The next chapter of the Tesla (NASDAQ:TSLA) story is now underway, Wedbush analysts said Friday.
With most price cuts behind and a global stabilization in demand for electric vehicles (EVs), particularly in China, they believe Tesla is on track to achieve an annual production rate of 2 million units in the coming quarters, a trajectory expected to be driven by clear momentum and more favorable comparisons heading into 2025.
“The key for Tesla's stock looking ahead is the Street recognizing that Tesla is the most undervalued AI play in the market in our view with a historical Robotaxi Day ahead for Musk and Tesla on August 8th that will lay the yellow brick road to FSD and an autonomous future,” analysts wrote.
Wedbush analysts believe that the crucial catalyst for Tesla to reach a valuation of $1 trillion lies in the adoption of its autonomous and full self-driving (FSD) vision, which appears to be gaining momentum with the latest FSD v12.4 and the initiation of FSD testing in China.

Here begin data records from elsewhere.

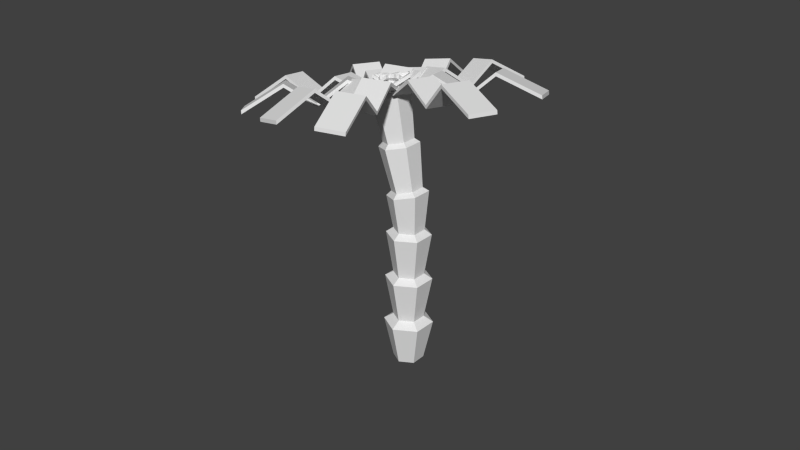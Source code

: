 # Source: tree.blend  (saved by Blender 2.72.0; exported with 4.5.12 LTS)
import bpy
from mathutils import Matrix  # noqa: F401  (used for matrix-valued properties, if any)

bpy.ops.wm.read_factory_settings(use_empty=True)
scene = bpy.context.scene
scene.name = 'Scene'

# ---- collections
col_collection_1 = bpy.data.collections.new('Collection 1'); scene.collection.children.link(col_collection_1)

# ---- world
world_world = bpy.data.worlds.new('World'); scene.world = world_world
world_world.color = (0.05088, 0.05088, 0.05088)
world_world.use_sun_shadow = False
world_world.sun_shadow_jitter_overblur = 0.0
world_world.cycles.sampling_method = 'MANUAL'
world_world.cycles.sample_map_resolution = 256

# ---- meshes
me_cube_001 = bpy.data.meshes.new('Cube.001')
me_cube_001.from_pydata([(-0.7092, -0.4192, 31.99), (-0.7092, 0.4192, 31.99), (0.1292, 0.4192, 35.57), (0.1292, -0.4192, 35.57), (-0.7092, -0.4192, 32.82), (-0.7092, 0.4192, 32.82), (0.1292, 0.4192, 36.41), (0.1292, -0.4192, 36.41), (1.008, 0.4192, 32.32), (1.008, -0.4192, 32.32), (1.008, 0.4192, 33.16), (1.008, -0.4192, 33.16), (1.904, 0.4192, 37.0), (1.904, -0.4192, 37.0), (1.904, 0.4192, 37.84), (1.904, -0.4192, 37.84), (2.758, 0.4192, 32.18), (2.758, -0.4192, 32.18), (2.758, 0.4192, 33.01), (2.758, -0.4192, 33.01), (3.98, 0.4192, 37.26), (3.98, -0.4192, 37.26), (3.98, 0.4192, 38.1), (3.98, -0.4192, 38.1), (-0.5298, -0.4603, 31.99), (-1.105, 0.1498, 31.99), (-0.4948, 0.7248, 35.57), (0.0803, 0.1147, 35.57), (-0.5298, -0.4603, 32.82), (-1.105, 0.1498, 32.82), (-0.4948, 0.7248, 36.41), (0.0803, 0.1147, 36.41), (0.1444, 1.327, 32.32), (0.7195, 0.7173, 32.32), (0.1444, 1.327, 33.16), (0.7195, 0.7173, 33.16), (0.7968, 1.942, 37.0), (1.372, 1.332, 37.0), (0.7968, 1.942, 37.84), (1.372, 1.332, 37.84), (1.418, 2.528, 32.18), (1.994, 1.918, 32.18), (1.418, 2.528, 33.01), (1.994, 1.918, 33.01), (2.307, 3.366, 37.26), (2.883, 2.756, 37.26), (2.307, 3.366, 38.1), (2.883, 2.756, 38.1), (-0.1906, -0.3213, 31.99), (-1.025, -0.2362, 31.99), (-0.9396, 0.5978, 35.57), (-0.1056, 0.5128, 35.57), (-0.1906, -0.3213, 32.82), (-1.025, -0.2362, 32.82), (-0.9396, 0.5978, 36.41), (-0.1056, 0.5128, 36.41), (-0.8505, 1.472, 32.32), (-0.01647, 1.387, 32.32), (-0.8505, 1.472, 33.16), (-0.01647, 1.387, 33.16), (-0.7596, 2.364, 37.0), (0.07447, 2.279, 37.0), (-0.7596, 2.364, 37.84), (0.07447, 2.279, 37.84), (-0.6729, 3.214, 32.18), (0.1611, 3.128, 32.18), (-0.6729, 3.214, 33.01), (0.1611, 3.128, 33.01), (-0.549, 4.429, 37.26), (0.285, 4.344, 37.26), (-0.549, 4.429, 38.1), (0.285, 4.344, 38.1), (-0.1729, 0.01721, 31.99), (-0.9532, -0.2896, 31.99), (-1.26, 0.4907, 35.57), (-0.4797, 0.7975, 35.57), (-0.1729, 0.01721, 32.82), (-0.9532, -0.2896, 32.82), (-1.26, 0.4907, 36.41), (-0.4797, 0.7975, 36.41), (-1.581, 1.308, 32.32), (-0.8011, 1.615, 32.32), (-1.581, 1.308, 33.16), (-0.8011, 1.615, 33.16), (-1.909, 2.142, 37.0), (-1.129, 2.449, 37.0), (-1.909, 2.142, 37.84), (-1.129, 2.449, 37.84), (-2.222, 2.938, 32.18), (-1.442, 3.244, 32.18), (-2.222, 2.938, 33.01), (-1.442, 3.244, 33.01), (-2.669, 4.074, 37.26), (-1.889, 4.381, 37.26), (-2.669, 4.074, 38.1), (-1.889, 4.381, 38.1), (-0.1104, 0.4151, 31.99), (-0.2918, -0.4034, 31.99), (-1.11, -0.2221, 35.57), (-0.929, 0.5965, 35.57), (-0.1104, 0.4151, 32.82), (-0.2918, -0.4034, 32.82), (-1.11, -0.2221, 36.41), (-0.929, 0.5965, 36.41), (-1.968, -0.03206, 32.32), (-1.787, 0.7865, 32.32), (-1.968, -0.03206, 33.16), (-1.787, 0.7865, 33.16), (-2.843, 0.1619, 37.0), (-2.662, 0.9804, 37.0), (-2.843, 0.1619, 37.84), (-2.662, 0.9804, 37.84), (-3.677, 0.3467, 32.18), (-3.496, 1.165, 32.18), (-3.677, 0.3467, 33.01), (-3.496, 1.165, 33.01), (-4.87, 0.6109, 37.26), (-4.689, 1.429, 37.26), (-4.87, 0.6109, 38.1), (-4.689, 1.429, 38.1), (-0.639, 0.6268, 31.99), (-0.2281, -0.104, 31.99), (-0.9589, -0.5149, 35.57), (-1.37, 0.2158, 35.57), (-0.639, 0.6268, 32.82), (-0.2281, -0.104, 32.82), (-0.9589, -0.5149, 36.41), (-1.37, 0.2158, 36.41), (-1.725, -0.9455, 32.32), (-2.136, -0.2147, 32.32), (-1.725, -0.9455, 33.16), (-2.136, -0.2147, 33.16), (-2.506, -1.385, 37.0), (-2.917, -0.6541, 37.0), (-2.506, -1.385, 37.84), (-2.917, -0.6541, 37.84), (-3.251, -1.804, 32.18), (-3.662, -1.073, 32.18), (-3.251, -1.804, 33.01), (-3.662, -1.073, 33.01), (-4.316, -2.402, 37.26), (-4.726, -1.672, 37.26), (-4.316, -2.402, 38.1), (-4.726, -1.672, 38.1), (-1.29, 0.4643, 31.99), (-0.5103, 0.7732, 31.99), (-0.2014, -0.006224, 35.57), (-0.9808, -0.3151, 35.57), (-1.29, 0.4643, 32.82), (-0.5103, 0.7732, 32.82), (-0.2014, -0.006224, 36.41), (-0.9808, -0.3151, 36.41), (0.1222, -0.8228, 32.32), (-0.6572, -1.132, 32.32), (0.1222, -0.8228, 33.16), (-0.6572, -1.132, 33.16), (0.4526, -1.656, 37.0), (-0.3269, -1.965, 37.0), (0.4526, -1.656, 37.84), (-0.3269, -1.965, 37.84), (0.7674, -2.45, 32.18), (-0.01205, -2.759, 32.18), (0.7674, -2.45, 33.01), (-0.01205, -2.759, 33.01), (1.217, -3.586, 37.26), (0.4381, -3.895, 37.26), (1.217, -3.586, 38.1), (0.4381, -3.895, 38.1), (-1.291, -0.1004, 31.99), (-0.8347, 0.6028, 31.99), (-0.1315, 0.1463, 35.57), (-0.588, -0.5569, 35.57), (-1.291, -0.1004, 32.82), (-0.8347, 0.6028, 32.82), (-0.1315, 0.1463, 36.41), (-0.588, -0.5569, 36.41), (0.6053, -0.332, 32.32), (0.1488, -1.035, 32.32), (0.6053, -0.332, 33.16), (0.1488, -1.035, 33.16), (1.357, -0.8202, 37.0), (0.9007, -1.523, 37.0), (1.357, -0.8202, 37.84), (0.9007, -1.523, 37.84), (2.074, -1.285, 32.18), (1.617, -1.989, 32.18), (2.074, -1.285, 33.01), (1.617, -1.989, 33.01), (3.098, -1.951, 37.26), (2.642, -2.654, 37.26), (3.098, -1.951, 38.1), (2.642, -2.654, 38.1), (-0.9816, 0.5803, 31.58), (-0.1739, 0.4109, 30.41), (-0.2537, -0.3997, 34.32), (-1.061, -0.2304, 35.49), (-0.9621, 0.5827, 32.4), (-0.1544, 0.4133, 31.23), (-0.2342, -0.3973, 35.14), (-1.042, -0.228, 36.31), (-0.5, -1.269, 31.54), (-1.308, -1.1, 32.71), (-0.4805, -1.267, 32.36), (-1.288, -1.097, 33.54), (-0.5655, -2.133, 36.56), (-1.373, -1.964, 37.73), (-0.546, -2.131, 37.38), (-1.354, -1.962, 38.56), (-0.8438, -2.984, 32.22), (-1.652, -2.814, 33.39), (-0.8243, -2.981, 33.04), (-1.632, -2.812, 34.22), (-0.963, -4.165, 37.79), (-1.771, -3.996, 38.97), (-0.9436, -4.163, 38.62), (-1.751, -3.994, 39.79), (0.2377, 1.663, 102.3), (-0.5565, 0.5256, 35.26), (-0.1186, 1.383, 103.1), (-0.9186, 0.2345, 35.42), (-0.04745, 0.9272, 103.6), (-0.8475, -0.2218, 35.85), (0.3799, 0.7508, 103.2), (-0.4142, -0.387, 36.13), (0.7361, 1.031, 102.3), (-0.05213, -0.09589, 35.98), (0.665, 1.487, 101.9), (-0.1232, 0.3604, 35.54), (-0.01773, 1.452, 90.93), (-0.2731, 1.24, 79.56), (-0.5285, 1.028, 68.19), (-0.6679, 0.8588, 58.44), (-0.6122, 0.6922, 46.85), (-0.9743, 0.4011, 47.01), (-1.03, 0.5677, 58.59), (-0.8848, 0.7481, 69.02), (-0.6294, 0.9599, 80.39), (-0.374, 1.172, 91.76), (-0.9032, -0.05516, 47.44), (-0.9589, 0.1114, 59.03), (-0.8136, 0.2918, 69.46), (-0.5582, 0.5036, 80.83), (-0.3028, 0.7154, 92.2), (-0.47, -0.2204, 47.72), (-0.5257, -0.05376, 59.31), (-0.3863, 0.1154, 69.06), (-0.1309, 0.3272, 80.43), (0.1245, 0.539, 91.8), (-0.1079, 0.07071, 47.57), (-0.1636, 0.2373, 59.16), (-0.03009, 0.3953, 68.23), (0.2253, 0.6071, 79.6), (0.4807, 0.8189, 90.97), (-0.179, 0.527, 47.13), (-0.2347, 0.6936, 58.72), (-0.1012, 0.8516, 67.79), (0.1542, 1.063, 79.16), (0.4096, 1.275, 90.53), (-0.605, 1.307, 93.43), (-0.4901, 0.5696, 94.13), (0.2002, 0.2847, 93.49), (0.7756, 0.7368, 92.14), (0.6607, 1.474, 91.44), (-0.02956, 1.759, 92.08), (-0.2844, 1.505, 80.51), (-0.8303, 1.076, 81.79), (-0.7213, 0.3766, 82.45), (-0.06645, 0.1063, 81.84), (0.4795, 0.5352, 80.57), (0.3705, 1.234, 79.9), (-0.5346, 1.26, 69.17), (-1.054, 0.8511, 70.39), (-0.9507, 0.1853, 71.02), (-0.3271, -0.07208, 70.44), (0.1928, 0.3364, 69.23), (0.08902, 1.002, 68.59), (-0.6982, 1.037, 59.25), (-1.191, 0.6412, 59.46), (-1.094, 0.02019, 60.05), (-0.5047, -0.2047, 60.43), (-0.01176, 0.1915, 60.22), (-0.1085, 0.8126, 59.63), (-0.6391, 0.8492, 47.68), (-1.115, 0.4668, 47.88), (-1.021, -0.1326, 48.45), (-0.4523, -0.3497, 48.82), (0.02346, 0.03275, 48.62), (-0.06996, 0.6322, 48.05), (-0.5817, 0.6699, 36.23), (-1.046, 0.2967, 36.42), (-0.9549, -0.2883, 36.98), (-0.3994, -0.5001, 37.34), (0.0649, -0.1269, 37.14), (-0.02627, 0.4581, 36.59)], [], [(4, 5, 1, 0), (5, 6, 2, 1), (3, 2, 8, 9), (7, 4, 0, 3), (0, 1, 2, 3), (7, 6, 5, 4), (9, 8, 12, 13), (7, 3, 9, 11), (6, 7, 11, 10), (2, 6, 10, 8), (13, 12, 16, 17), (11, 9, 13, 15), (10, 11, 15, 14), (8, 10, 14, 12), (17, 16, 20, 21), (15, 13, 17, 19), (14, 15, 19, 18), (12, 14, 18, 16), (22, 23, 21, 20), (19, 17, 21, 23), (18, 19, 23, 22), (16, 18, 22, 20), (28, 29, 25, 24), (29, 30, 26, 25), (27, 26, 32, 33), (31, 28, 24, 27), (24, 25, 26, 27), (31, 30, 29, 28), (33, 32, 36, 37), (31, 27, 33, 35), (30, 31, 35, 34), (26, 30, 34, 32), (37, 36, 40, 41), (35, 33, 37, 39), (34, 35, 39, 38), (32, 34, 38, 36), (41, 40, 44, 45), (39, 37, 41, 43), (38, 39, 43, 42), (36, 38, 42, 40), (46, 47, 45, 44), (43, 41, 45, 47), (42, 43, 47, 46), (40, 42, 46, 44), (52, 53, 49, 48), (53, 54, 50, 49), (51, 50, 56, 57), (55, 52, 48, 51), (48, 49, 50, 51), (55, 54, 53, 52), (57, 56, 60, 61), (55, 51, 57, 59), (54, 55, 59, 58), (50, 54, 58, 56), (61, 60, 64, 65), (59, 57, 61, 63), (58, 59, 63, 62), (56, 58, 62, 60), (65, 64, 68, 69), (63, 61, 65, 67), (62, 63, 67, 66), (60, 62, 66, 64), (70, 71, 69, 68), (67, 65, 69, 71), (66, 67, 71, 70), (64, 66, 70, 68), (76, 77, 73, 72), (77, 78, 74, 73), (75, 74, 80, 81), (79, 76, 72, 75), (72, 73, 74, 75), (79, 78, 77, 76), (81, 80, 84, 85), (79, 75, 81, 83), (78, 79, 83, 82), (74, 78, 82, 80), (85, 84, 88, 89), (83, 81, 85, 87), (82, 83, 87, 86), (80, 82, 86, 84), (89, 88, 92, 93), (87, 85, 89, 91), (86, 87, 91, 90), (84, 86, 90, 88), (94, 95, 93, 92), (91, 89, 93, 95), (90, 91, 95, 94), (88, 90, 94, 92), (100, 101, 97, 96), (101, 102, 98, 97), (99, 98, 104, 105), (103, 100, 96, 99), (96, 97, 98, 99), (103, 102, 101, 100), (105, 104, 108, 109), (103, 99, 105, 107), (102, 103, 107, 106), (98, 102, 106, 104), (109, 108, 112, 113), (107, 105, 109, 111), (106, 107, 111, 110), (104, 106, 110, 108), (113, 112, 116, 117), (111, 109, 113, 115), (110, 111, 115, 114), (108, 110, 114, 112), (118, 119, 117, 116), (115, 113, 117, 119), (114, 115, 119, 118), (112, 114, 118, 116), (124, 125, 121, 120), (125, 126, 122, 121), (123, 122, 128, 129), (127, 124, 120, 123), (120, 121, 122, 123), (127, 126, 125, 124), (129, 128, 132, 133), (127, 123, 129, 131), (126, 127, 131, 130), (122, 126, 130, 128), (133, 132, 136, 137), (131, 129, 133, 135), (130, 131, 135, 134), (128, 130, 134, 132), (137, 136, 140, 141), (135, 133, 137, 139), (134, 135, 139, 138), (132, 134, 138, 136), (142, 143, 141, 140), (139, 137, 141, 143), (138, 139, 143, 142), (136, 138, 142, 140), (148, 149, 145, 144), (149, 150, 146, 145), (147, 146, 152, 153), (151, 148, 144, 147), (144, 145, 146, 147), (151, 150, 149, 148), (153, 152, 156, 157), (151, 147, 153, 155), (150, 151, 155, 154), (146, 150, 154, 152), (157, 156, 160, 161), (155, 153, 157, 159), (154, 155, 159, 158), (152, 154, 158, 156), (161, 160, 164, 165), (159, 157, 161, 163), (158, 159, 163, 162), (156, 158, 162, 160), (166, 167, 165, 164), (163, 161, 165, 167), (162, 163, 167, 166), (160, 162, 166, 164), (172, 173, 169, 168), (173, 174, 170, 169), (171, 170, 176, 177), (175, 172, 168, 171), (168, 169, 170, 171), (175, 174, 173, 172), (177, 176, 180, 181), (175, 171, 177, 179), (174, 175, 179, 178), (170, 174, 178, 176), (181, 180, 184, 185), (179, 177, 181, 183), (178, 179, 183, 182), (176, 178, 182, 180), (185, 184, 188, 189), (183, 181, 185, 187), (182, 183, 187, 186), (180, 182, 186, 184), (190, 191, 189, 188), (187, 185, 189, 191), (186, 187, 191, 190), (184, 186, 190, 188), (196, 197, 193, 192), (197, 198, 194, 193), (195, 194, 200, 201), (199, 196, 192, 195), (192, 193, 194, 195), (199, 198, 197, 196), (201, 200, 204, 205), (199, 195, 201, 203), (198, 199, 203, 202), (194, 198, 202, 200), (205, 204, 208, 209), (203, 201, 205, 207), (202, 203, 207, 206), (200, 202, 206, 204), (209, 208, 212, 213), (207, 205, 209, 211), (206, 207, 211, 210), (204, 206, 210, 208), (214, 215, 213, 212), (211, 209, 213, 215), (210, 211, 215, 214), (208, 210, 214, 212), (288, 217, 219, 289), (289, 219, 221, 290), (290, 221, 223, 291), (291, 223, 225, 292), (219, 217, 227, 225, 223, 221), (293, 227, 217, 288), (292, 225, 227, 293), (216, 218, 220, 222, 224, 226), (263, 228, 237, 258), (264, 229, 236, 265), (270, 230, 235, 271), (276, 231, 234, 277), (282, 232, 233, 283), (258, 237, 242, 259), (265, 236, 241, 266), (271, 235, 240, 272), (277, 234, 239, 278), (283, 233, 238, 284), (259, 242, 247, 260), (266, 241, 246, 267), (272, 240, 245, 273), (278, 239, 244, 279), (284, 238, 243, 285), (260, 247, 252, 261), (267, 246, 251, 268), (273, 245, 250, 274), (279, 244, 249, 280), (285, 243, 248, 286), (262, 257, 228, 263), (269, 256, 229, 264), (275, 255, 230, 270), (281, 254, 231, 276), (287, 253, 232, 282), (261, 252, 257, 262), (268, 251, 256, 269), (274, 250, 255, 275), (280, 249, 254, 281), (286, 248, 253, 287), (216, 263, 258, 218), (218, 258, 259, 220), (220, 259, 260, 222), (222, 260, 261, 224), (226, 262, 263, 216), (224, 261, 262, 226), (228, 264, 265, 237), (237, 265, 266, 242), (242, 266, 267, 247), (247, 267, 268, 252), (257, 269, 264, 228), (252, 268, 269, 257), (229, 270, 271, 236), (236, 271, 272, 241), (241, 272, 273, 246), (246, 273, 274, 251), (256, 275, 270, 229), (251, 274, 275, 256), (230, 276, 277, 235), (235, 277, 278, 240), (240, 278, 279, 245), (245, 279, 280, 250), (255, 281, 276, 230), (250, 280, 281, 255), (231, 282, 283, 234), (234, 283, 284, 239), (239, 284, 285, 244), (244, 285, 286, 249), (254, 287, 282, 231), (249, 286, 287, 254), (232, 288, 289, 233), (233, 289, 290, 238), (238, 290, 291, 243), (243, 291, 292, 248), (253, 293, 288, 232), (248, 292, 293, 253)])
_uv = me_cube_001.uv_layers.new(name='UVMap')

Tesla's long-standing commitment to full self-driving, which was first mentioned in connection with robotaxis in 2019, is now becoming a reality, analysts noted. It is official that robotaxis will be part of Tesla’s portfolio, with the first Tesla robotaxi set to be unveiled on August 8th.
Elon Musk has previously stated that Tesla aims to produce a car without human controls, envisioning FSD reaching a level of full autonomous use for taxi and driverless scenarios.
Wedbush’s team thinks that, in a bullish scenario, Tesla's FSD segment alone could be worth $1 trillion.
“In a nutshell, the worst is in the rear-view mirror for Tesla as we believe the EV demand story is starting to return to the disruptive tech stalwart ahead of a historical Robotaxi Day on August 8th with the bears now heading back into hibernation mode and their caves.”